Le courrier des lecteurs du 23 juillet 2005

23 juillet 2005

(page 8)

Pas gêné, Monsieur Chirac ?

Dans un discours lors de sa visite express à Madagascar, notre Chirac national a dénoncé "le caractère inacceptable des répressions engendrées par les dérives du système colonial". C’est bien le moins que l’on pouvait dire pour un massacre de plusieurs dizaines de milliers de Malgaches perpétré en 1947. Mais c’est loin d’être suffisant ! Comme s’il suffisait de regretter en parole, un demi-siècle plus tard, des actes génocidaires pour se considérer comme lavé de toute autre responsabilité. Il faut aller plus loin.
Premier point, tout récent : la loi du 23 février 2005, promulguée par le même Chirac, affirme le "rôle positif de la présence française outre-mer". Certes, la colonisation a pu avoir quelques effets bénéfiques, mais on ne peut ignorer les dégâts considérables commis par l’armée et les efforts d’acculturation des indigènes de la République (nous, Réunionnais y compris).
Pourtant, la liste de toutes ces exactions serait très longue : les massacres de Sétif en 1945, la torture pendant la guerre d’Algérie, la ratonnade parisienne de 1961, la responsabilité dans le génocide rwandais, la déportation des enfants réunionnais, etc... Cette loi de 2005 est écrite noir sur blanc dans le “Journal officiel”. Mais ça ne semble pas gêner notre Chirac, toujours prêt à déclarer une chose et son contraire : la loi affirme le rôle positif de la présence française et Chirac dénonce les dérives du système colonial. Faut oser !
Second point, plus grave : la présence et la persistance dans la Constitution française de l’article 88 qui précise que "la République peut conclure des accords avec des États qui désirent s’associer à elle pour développer leurs civilisations".
On ne peut qu’approuver Carmenza Charrier qui écrivait dans un article du “Monde” du 6 janvier 1999 : "Ainsi rédigé, l’article 88 postule, chez les États intéressés, un stade de civilisation inférieur à celui de la République, postulat qui peut surprendre de la part d’un peuple qui a fait de l’égalité plus qu’un principe, un dogme... il convient, par pudeur, par bienséance, de le supprimer.
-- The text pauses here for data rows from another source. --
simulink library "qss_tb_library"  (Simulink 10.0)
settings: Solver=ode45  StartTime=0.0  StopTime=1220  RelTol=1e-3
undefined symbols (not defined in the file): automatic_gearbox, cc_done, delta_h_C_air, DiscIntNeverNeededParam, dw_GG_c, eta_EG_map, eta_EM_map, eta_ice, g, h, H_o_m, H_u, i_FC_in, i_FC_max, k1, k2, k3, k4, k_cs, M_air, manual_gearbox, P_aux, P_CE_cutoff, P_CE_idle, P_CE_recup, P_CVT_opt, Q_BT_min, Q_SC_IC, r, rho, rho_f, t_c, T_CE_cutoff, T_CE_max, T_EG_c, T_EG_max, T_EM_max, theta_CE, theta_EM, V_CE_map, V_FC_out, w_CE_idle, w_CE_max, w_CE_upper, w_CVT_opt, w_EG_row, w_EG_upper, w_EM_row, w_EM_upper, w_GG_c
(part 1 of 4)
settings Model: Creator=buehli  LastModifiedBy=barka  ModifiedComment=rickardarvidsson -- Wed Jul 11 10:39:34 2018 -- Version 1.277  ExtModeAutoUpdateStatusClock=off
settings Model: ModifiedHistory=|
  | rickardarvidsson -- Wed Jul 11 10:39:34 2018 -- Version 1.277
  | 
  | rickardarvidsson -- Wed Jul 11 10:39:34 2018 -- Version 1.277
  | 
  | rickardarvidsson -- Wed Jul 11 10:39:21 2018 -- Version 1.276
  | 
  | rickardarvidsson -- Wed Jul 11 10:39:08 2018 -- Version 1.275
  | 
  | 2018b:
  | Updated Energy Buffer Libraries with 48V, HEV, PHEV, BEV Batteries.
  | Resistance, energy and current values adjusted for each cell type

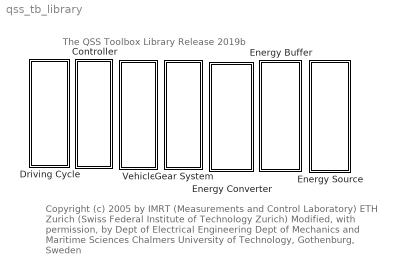
== system qss_tb_library ==
  note: Copyright (c) 2005 by IMRT (Measurements and Control Laboratory)
      | ETH Zurich (Swiss Federal Institute of Technology Zurich)
      |
      | Modified, with permission, by
      | Dept of Electrical Engineering
      | Dept of Mechanics and Maritime Sciences
      | Chalmers University of Technology, Gothenburg, Sweden
  note: The QSS Toolbox Library Release 2019b
  Controller : Subsystem
      mask Display: disp('Controller')
  Driving Cycle : Subsystem
      mask Display: disp('Driving Cycle')
  Energy Buffer : Subsystem
      mask Display: disp('Energy Buffer')
  Energy Converter : Subsystem
      mask Display: disp('Energy Converter')
  Energy Source : Subsystem
      mask Display: disp('Energy Source')
  Gear System : Subsystem
      mask Display: disp('Gear System')
  Vehicle : Subsystem
      mask Display: disp('Vehicle')

== system qss_tb_library/Controller ==
  Battery Controller : Subsystem  mask(Battery Controller){}
      mask help:
      | Control strategy (very primitive):
      | ========================
      | As soon as battery charge drops below level Q_BT_min, the CE/Generator
      | are started and operated at given load/speed for a fixed time period.
      | This time has been selected to guarantee the same battery level at the
      | end of the cycle.
      mask init:
      | init_BT_ctrl;
  CVT Controller : Subsystem  Tag=cvt controller  mask(CVT Controller){j_CVT_min=3, j_CVT_max=15, w_wheel_min=3, w_CVT_idle=100, w_CVT_upper=300}
      mask prompts: j_CVT_min "Lower gear ratio limit [-]"; j_CVT_max "Upper gear ratio limit [-]"; w_wheel_min "Minimum wheel speed [rad/s]"; w_CVT_idle "CVT idle speed [rad/s]"; w_CVT_upper "Maximum CVT speed [rad/s]"
      mask help:
      | This block calculates the optimum gear ratio and its change during one integration step for a CVT.
      |
      | Input:
      | =====
      | 	v	Speed [m/s]
      | 	dv_dt	Acceleration [m/s^2]
      |
      | Output:
      | ======
      | 	v_delay	Speed one step delayed [m/s]
      | 	dv_dt_delay	Acceleration one step delayed [m/s^2]
      | 	j_CVT	Gear ratio [-]
      | 	dj_CVT	Change of gear ratio [1/s]
      mask init:
      | init_CVT_ctrl;
  Control Unit (empty template) : Subsystem  Tag=control unit  mask(Control Unit){}
      mask help:
      | This block gives the user the opportunity to design his/her own control unit.
      |
      | The user can define the inputs and outputs  by himself/herself.
  "Hybrid Controller Unit  (Parallel, empty)" : Subsystem  mask(Hybrid Controller Unit){}
      mask help: Design your control strategy in this block.
      mask init:
      | init_HCU_parallel;

== system qss_tb_library/Driving Cycle ==
  Driving Cycle : Subsystem  Tag=cycle  mask(Driving Cycle){cyclename1=NEDC, stepsize=1, autostop=on}
      mask prompts: cyclename1 "Choose a cycle"; stepsize "Step size [s]"; autostop "Enable automatic simulation stop"
      mask help:
      | This block loads the cycle data such as time, speed, acceleration and gear number,  from the specified data file and makes it available on the output of the cycle block.
      |
      | Output:
      | ======
      | 	v	Speed [m/s]
      | 	a	Acceleration [m/s^2]
      | 	i	Gear number [-]
      | 	x_tot	Total distance [m]
      |
      | Tip:
      | ===
      | Probably you don't need the gear number "i". If so you can terminate
      | it with a "Terminator" out of the "Simulink Library/Connections."
      |
      | Driving cycle:
      | ===
      | Select a driving cycle from the list below or specify your own (place your .mat file in the
      | directory Data/DrivingCycles/UserDefined)
      |
      | ECE_MAN
      | ECE_R15s
      | EUDC
      | EUDC_MAN
      | City
      | City_MAN
      | NEDC
      | NEDC_MANl
      | GOT1
      | GOT2
      | GOT3
      | 10_15_MODE
      | 10_MODE
      | 10_MODE_3
      | 11_MODE
      | 11_MODE_4
      | 15_MODE
      | City_I
      | City_II
      | FTP_75
      | FTP_Highway
      |
      | WLTC
      | RTS95
      |
      |
      | Step size:
      | ========
      | Default value is 1. Don't change it, unless you are familiar with the programs of the QSS TB.
      |
      | Enable automatic simulation stop:
      | ===========================
      | Stops the simulation automatically at the end of the cycle.
      | Be careful: If you have a component in your model that has to run after the cycle has finished, e.g. a battery to charge, remove the mark!
      mask init:
      | init_driving_cycle1;
      mask Display: plot(T_zplot, V_zplot);
  Driving Cycle  (with performance  test possibility) : Subsystem  Tag=cycle  mask(Driving Cycle){cyclenr=Europe: NEDC, stepsize=1, autostop=on, test=off, v_init=0, v_end=0, acc_constant=0, gearon=[10 25 40 70], gearoff=[5 15 30 50]}
      mask prompts: cyclenr "Choose a cycle"; stepsize "Step size [s]"; autostop "Enable automatic simulation stop"; test "Acceleration performance test"; v_init "Start velocity [km/h]"; v_end "End velocity [km/h]"; acc_constant "Constant acceleration [m/s2]"; gearon "Switching points for upshift [km/h]"; gearoff "Switching points for downshift [km/h]"
      mask help:
      | This block loads the cycle data such as time, speed, acceleration and gear number,  from the specified data file and makes it available on the output of the cycle block.
      |
      | Output:
      | ======
      | 	v	Speed [m/s]
      | 	a	Acceleration [m/s^2]
      | 	i	Gear number [-]
      | 	x_tot	Total distance [m]
      |
      | Tip:
      | ===
      | Probably you don't need the gear number "i". If so you can terminate
      | it with a "Terminator" out of the "Simulink Library/Connections."
      |
      | Step size:
      | ========
      | Default value is 1. Don't change it, unless you are familiar with the programs of the QSS TB.
      |
      | Enable automatic simulation stop:
      | ===========================
      | Stops the simulation automatically at the end of the cycle.
      | Be careful: If you have a component in your model that has to run after the cycle has finished, e.g. a battery to charge, remove the mark!
      |
      | Acceleration Performance Test:
      | ===========================
      | This option will perform an acceleration test using a constant acceleration, from
      | start velocity to end velocity.
      | Gear shifting occuring to shifting schedule, defined by the user.
      mask init:
      | init_driving_cycle;
      mask TypeOptions cyclenr: Europe: ECE manual | Europe: ECE R15 spez | Europe: ECE R15 | Europe: EUDC | Europe: EUDC manual | Europe: City | Europe: City manual | Europe: NEDC | Europe: NEDC manual | Europe: GOT1 | Europe: GOT2 | Europe: GOT3 | Japan:  10-15-Mode | Japan:  10-Mode | Japan:  10-Mode-3 | Japan:  11-Mode | Japan:  11-Mode-4 | Japan:  15-Mode | USA:    City-I | USA:    City-II | USA:    FTP-75 | USA:    FTP-Highway
      mask Display: plot(T_zplot, V_zplot);
  Driving Cycle (no gradient) : Subsystem  Tag=cycle  mask(Driving Cycle){cyclename1=NEDC, stepsize=1, autostop=on}
      mask prompts: cyclename1 "Choose a cycle"; stepsize "Step size [s]"; autostop "Enable automatic simulation stop"
      mask help:
      | This block loads the cycle data such as time, speed, acceleration and gear number,  from the specified data file and makes it available on the output of the cycle block.
      |
      | Output:
      | ======
      | 	v	Speed [m/s]
      | 	a	Acceleration [m/s^2]
      | 	i	Gear number [-]
      | 	x_tot	Total distance [m]
      |
      | Tip:
      | ===
      | Probably you don't need the gear number "i". If so you can terminate
      | it with a "Terminator" out of the "Simulink Library/Connections."
      |
      | Driving cycle:
      | ===
      | Select a driving cycle from the list below or specify your own (place your .mat file in the
      | directory Data/DrivingCycles/UserDefined)
      |
      | ECE_MAN
      | ECE_R15s
      | EUDC
      | EUDC_MAN
      | City
      | City_MAN
      | NEDC
      | NEDC_MANl
      | GOT1
      | GOT2
      | GOT3
      | 10_15_MODE
      | 10_MODE
      | 10_MODE_3
      | 11_MODE
      | 11_MODE_4
      | 15_MODE
      | City_I
      | City_II
      | FTP_75
      | FTP_Highway
      |
      |
      | Step size:
      | ========
      | Default value is 1. Don't change it, unless you are familiar with the programs of the QSS TB.
      |
      | Enable automatic simulation stop:
      | ===========================
      | Stops the simulation automatically at the end of the cycle.
      | Be careful: If you have a component in your model that has to run after the cycle has finished, e.g. a battery to charge, remove the mark!
      mask init:
      | init_driving_cycle1;
      mask Display: plot(T_zplot, V_zplot);

== system qss_tb_library/Energy Buffer ==
  note: Batteries for hybrid vehicles
  48V Battery : Subsystem  Tag=battery  mask(Battery){cell_series=14, cell_parallel=1, Q_BT_IC_rel=50}
      mask prompts: cell_series "Number of series cells"; cell_parallel "Number  of parallel cells"; Q_BT_IC_rel "Initial charge of battery [%]"
      mask help:
      | This block simulates a 48 V battery.
      | The open circuit voltage and resistance depend on the battery state of charge.
      | Open circuit voltage is dependent on how many batteries that are connected in series
      | Each cell has a capacity of 8 Ah and the cell open-circuit voltage is 3.8 V at 50% SoC.
      | The maximum peak current output per each cell is +/- 400 A.
      |
      | This type of battery cell has a significant reduction of power below 20% SoC
      |
      | Input:
      | =====
      | 	P_BT	Power from/to the battery [W]
      | 		P_BT < 0: battery charging
      | 		P_BT > 0: battery discharging
      | 	x_tot	Total distance [m]
      |
      | Output:
      | ======
      | 	B_SoC	State of charge ratio [-]
      | 	U_BT	Voltage of the battery [V]
      | 	E_BT	Energy consumption [kWh/100 km]
      mask init:
      | init_BT_Assign;
  BEV Battery : Subsystem  Tag=battery  mask(Battery){cell_series=100, cell_parallel=2, Q_BT_IC_rel=50}
      mask prompts: cell_series "Number of series cells"; cell_parallel "Number  of parallel cells"; Q_BT_IC_rel "Initial charge of battery [%]"
      mask help:
      | This block simulates a battery.
      | The open circuit voltage and resistance depend on the battery state of charge.
      | Open circuit voltage is dependent on how many batteries that are connected in series
      | Each cell has a capacity of 96 Ah and the cell open-circuit voltage is 3.8 V at 50% SoC which means that each cell can provide from 360 Wh of energy depending on the discharge current
      | Max peak current is set to +/- 120 A per cell
      |
      | Input:
      | =====
      | 	P_BT	Power from/to the battery [W]
      | 		P_BT < 0: battery charging
      | 		P_BT > 0: battery discharging
      | 	x_tot	Total distance [m]
      |
      | Output:
      | ======
      | 	B_SoC	State of charge ratio [-]
      | 	U_BT	Voltage of the battery [V]
      | 	E_BT	Energy consumption [kWh/100 km]
      mask init:
      | init_BT_Assign;
  Battery Assignment : Subsystem  Tag=battery  mask(Battery){cell_series=80, cell_parallel=3, Q_BT_IC_rel=50}
      mask prompts: cell_series "Number of series cells"; cell_parallel "Number  of parallel cells"; Q_BT_IC_rel "Initial charge of battery [%]"
      mask help:
      | This block simulates a battery.
      | The open circuit voltage and resistance depend on the battery state of charge.
      | The battery voltage is depending on how many cells which are connected in series.
      | Each cell has a capacity of 54 Ah and the cell open-circuit voltage is 3.8 V at 50% SoC which means that each cell can store about 205 Wh of energy.
      |
      | This type of battery cell has a significant reduction of power below 20% SoC
      |
      | Input:
      | =====
      | 	P_BT	Power from/to the battery [W]
      | 		P_BT < 0: battery charging
      | 		P_BT > 0: battery discharging
      | 	x_tot	Total distance [m]
      |
      | Output:
      | ======
      | 	B_SoC	State of charge ratio [-]
      | 	U_BT	Voltage of the battery [V]
      | 	E_BT	Energy consumption [kWh/100 km]
      mask init:
      | init_BT_Assign;
  HEV Battery : Subsystem  Tag=battery  mask(Battery){cell_series=80, cell_parallel=1, Q_BT_IC_rel=50}
      mask prompts: cell_series "Number of series cells"; cell_parallel "Number  of parallel cells"; Q_BT_IC_rel "Initial charge of battery [%]"
      mask help:
      | This block simulates a HEV battery.
      | The open circuit voltage and resistance depend on the battery state of charge.
      | Open circuit voltage is dependent on how many batteries that are connected in series
      | Each cell has a capacity of 15 Ah and the cell open-circuit voltage is 3.8 V at 50% SoC.
      | Max peak power output is +/- 100 A for each cell
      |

Le conserver serait donner raison et une arme à ceux qui, à l’étranger, brocardent une supposée arrogance française".
C’est donc clair et constitutionnel : la civilisation française a atteint un stade de civilisation supérieur à d’autres ! Les massacrés de la colonisation ne désapprouveront pas...
Troisième point, plus concret : il est temps de ne plus nous cacher derrière une histoire partielle et réécrite à notre avantage. Les historiens, les enseignants ne doivent pas se voir dicter l’histoire nationale par des lois. Les livres d’Histoire de nos enfants ne doivent rien cacher de nos gloires ni de nos ignominies, même si on sait bien que l’objectivité totale reste inaccessible.
La commémoration de ces événements infamants doit être organisée au même titre que celle du massacre du Vél d’Hiv des 16-17 juillet 1942 (participation de Dominique De Villepin en 2005). À quand l’anniversaire des massacres de Madagascar avec une participation française de haut niveau ?
Oui, la dette vis-à-vis des colonisés de la France est autrement plus grande que les quelques miettes que la communauté internationale vient de leur concéder sous forme financière.